握る拳とその行方⑯
いったい何が起こっているのか、理解が追い付かない。だってシュバルツはさっきまで死にかけていたはずなのに。決してあんな風に牛頭と戦う余力なんてあるようには見えなかった。
シュバルツの魔法は治癒系の魔法だと思っていたけど、もしかしてこれが彼女の本当の魔法なのだろうか。色々と疑問は湧き出るけど、それはともかくあの圧倒的なまでの強さを誇っていた牛頭の討伐が完了した。

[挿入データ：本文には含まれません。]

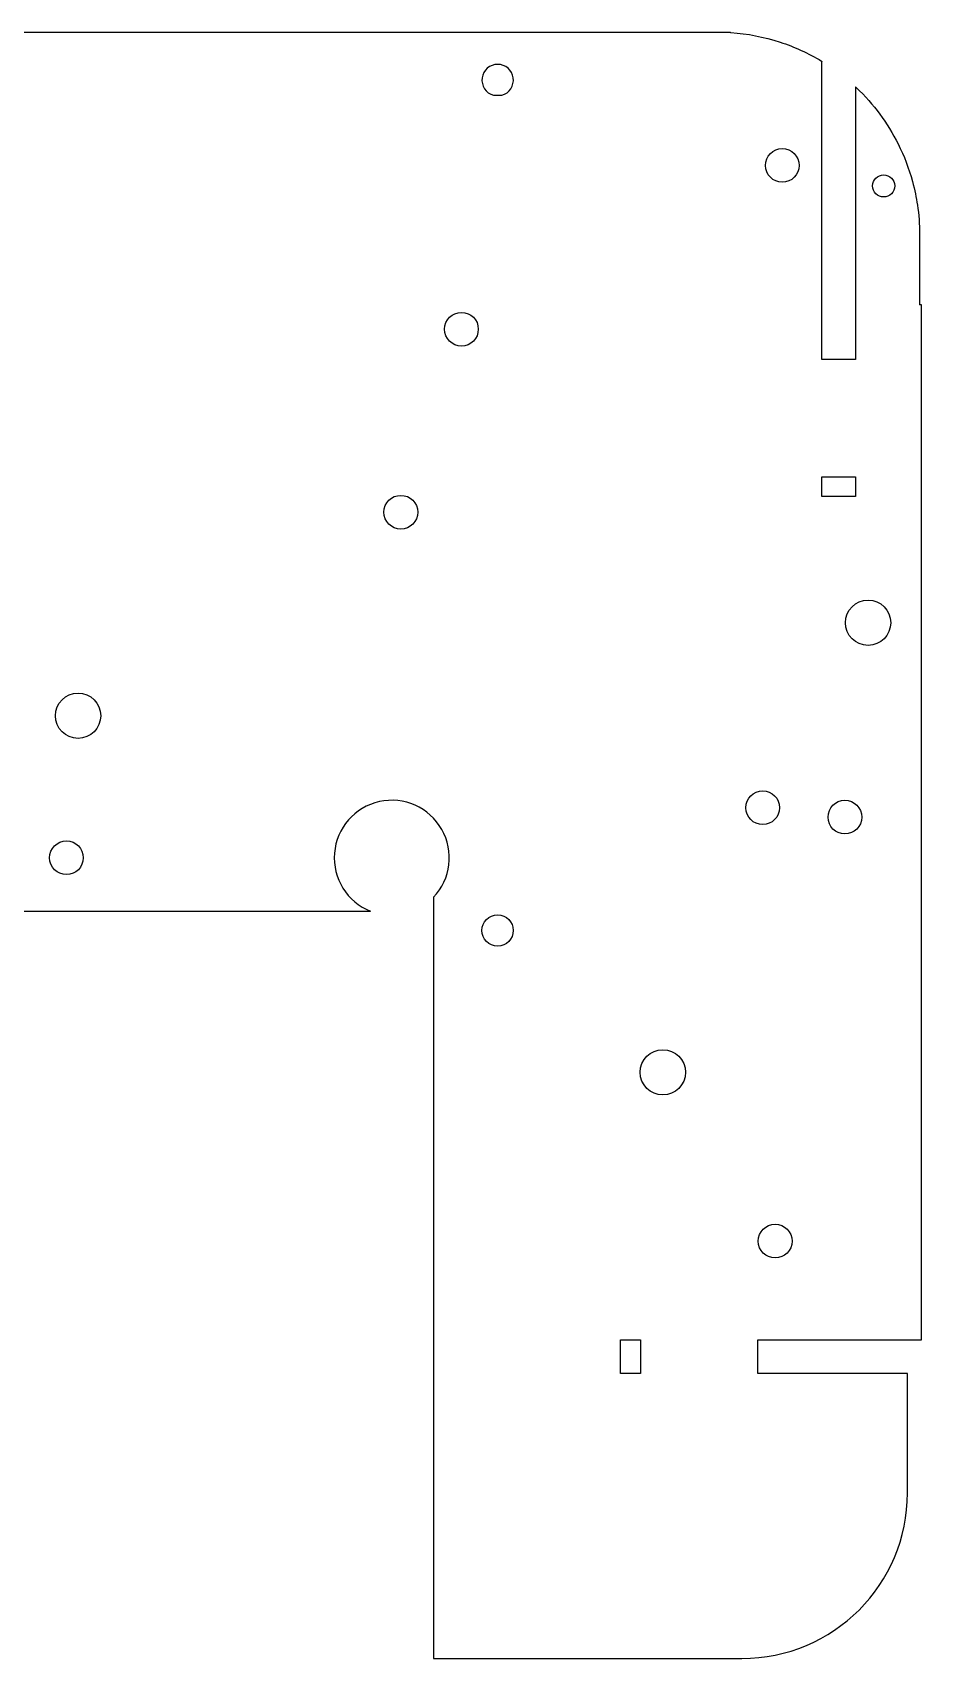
# Model space of a CAD drawing. Header units: millimetres. Extents: x -118 to 119, y -70 to 71.
# Drawn here: x 42.1 to 118.6, y -69.4 to 70.5 of the extents above; entities that cross this region are included whole.
import ezdxf

# ---------------------------------------------------------------- set-up
doc = ezdxf.new("R2010")
doc.units = ezdxf.units.MM
doc.layers.add('CUTOUTS', color=1, linetype='CONTINUOUS')
doc.layers.add('PERIMETER', color=5, linetype='CONTINUOUS')

msp = doc.modelspace()

# ---------------------------------------------------------------- linework, layer by layer
at = {"layer": 'CUTOUTS'}
msp.add_lwpolyline([(82.48, 65.14, 7.28011), (81.75, 65.14)], format="xyb", close=True, dxfattribs=at)
for points in [[(110.01, 32.29), (112.91, 32.29), (112.91, 30.59), (110.01, 30.59)], [(92.7, -44.91), (92.7, -42.01), (94.4, -42.01), (94.4, -44.91)]]:
    msp.add_lwpolyline(points, close=True, dxfattribs=at)
for centre, radius in [((106.61, 59.1), 1.45), ((115.34, 57.34), 0.95), ((79, 45), 1.45), ((73.78, 29.25), 1.45), ((114, 19.73), 1.95), ((46, 11.73), 1.95), ((104.93, 3.81), 1.45), ((112, 3), 1.45), ((45, -0.5), 1.45), ((82.11, -6.76), 1.35), ((96.33, -18.97), 1.95), ((106, -33.5), 1.45)]:
    msp.add_circle(centre, radius, dxfattribs=at)
at = {"layer": 'PERIMETER'}
for p, q in [((102.16, 70.54), (-71.09, 70.54)), ((110.01, 42.39), (110.01, 68.06)), ((112.91, 65.87), (112.91, 42.39)), ((118.59, 47.09), (118.43, 47.09)), ((118.59, 43.99), (118.59, 47.09)), ((118.59, 43.99), (118.59, 43.99)), ((118.59, -10), (118.59, 43.99)), ((112.91, 42.39), (110.01, 42.39)), ((76.6, -3.9), (76.6, -69.43)), ((24.67, -5.1), (71.17, -5.1)), ((118.59, -10), (118.59, -10)), ((118.59, -42.01), (118.59, -10)), ((104.5, -42.01), (118.59, -42.01)), ((104.5, -44.91), (104.5, -42.01)), ((117.39, -44.91), (104.5, -44.91)), ((117.39, -55.18), (117.39, -44.91)), ((76.6, -69.43), (103.14, -69.43))]:
    msp.add_line(p, q, dxfattribs=at)
for centre, radius, start, end in [((73, -0.5), 4.95, -43.3995, 248.3249), ((103.14, -55.18), 14.25, 270, 360)]:
    msp.add_arc(centre, radius, start, end, dxfattribs=at)
for points, knots in [([(102.16, 70.54), (102.16, 70.54), (102.17, 70.54), (102.17, 70.54), (102.17, 70.54), (102.18, 70.54), (102.18, 70.54), (103.63, 70.44), (105, 70.18), (106.42, 69.71), (107.66, 69.31), (108.86, 68.76), (109.99, 68.08), (110, 68.07), (110.01, 68.07), (110.01, 68.06)], [-0.8277109, -0.8277109, -0.8277109, -0.8277109, -0.8275383, -0.8275383, -0.8275383, -0.8261335, -0.8261335, -0.8261335, -0.3846054, -0.3846054, -0.3846054, -0.0002287, -0.0002287, -0.0002287, 0.002532, 0.002532, 0.002532, 0.002532]), ([(112.91, 65.87), (112.94, 65.84), (112.97, 65.81), (113, 65.79), (114.46, 64.4), (115.68, 62.75), (116.58, 60.95), (117.1, 59.92), (117.51, 58.84), (117.82, 57.72), (118.02, 56.99), (118.15, 56.31), (118.24, 55.69), (118.37, 54.86), (118.43, 54.08), (118.43, 53.13), (118.43, 52.47), (118.43, 51.7), (118.43, 50.82), (118.43, 49.68), (118.43, 48.48), (118.43, 47.31), (118.43, 47.23), (118.43, 47.16), (118.43, 47.09)], [0.358899, 0.358899, 0.358899, 0.358899, 0.370307, 0.370307, 0.370307, 0.961363, 0.961363, 0.961363, 1.299786, 1.299786, 1.299786, 1.522751, 1.522751, 1.522751, 1.819998, 1.819998, 1.819998, 2.032985, 2.032985, 2.032985, 2.310644, 2.310644, 2.310644, 2.328263, 2.328263, 2.328263, 2.328263])]:
    msp.add_open_spline(points, degree=3, knots=knots, dxfattribs=at)

doc.saveas('drawing.dxf')

だけどシュバルツは依然として可視化されるほどの濃密な魔力を纏ったままである。もう辺りに脅威になるような存在はいない。どうして強化状態を解除しないのだろうか。そんな疑問を抱きつつシュバルツに声をかける。
「シュバルツ、けがは大丈夫?」
もしかしたらケガの痛みに耐えるために強化状態を維持しているのかもしれない。あの籠手の下がどうなっているのか分からないけど、右腕が斬り飛ばされているのだ。かなりの激痛に苛まれているのは想像に難くない。
恐らく令華さんはドローンの映像で状況を把握しているはずだから、救急車や病院の手配をしてくれているはず。さっきはあんな非情な指示を出していたけど、あの人が魔法少女を見捨てるはずがない。どうせろくでなしどもからそうしろと言われたのだろう。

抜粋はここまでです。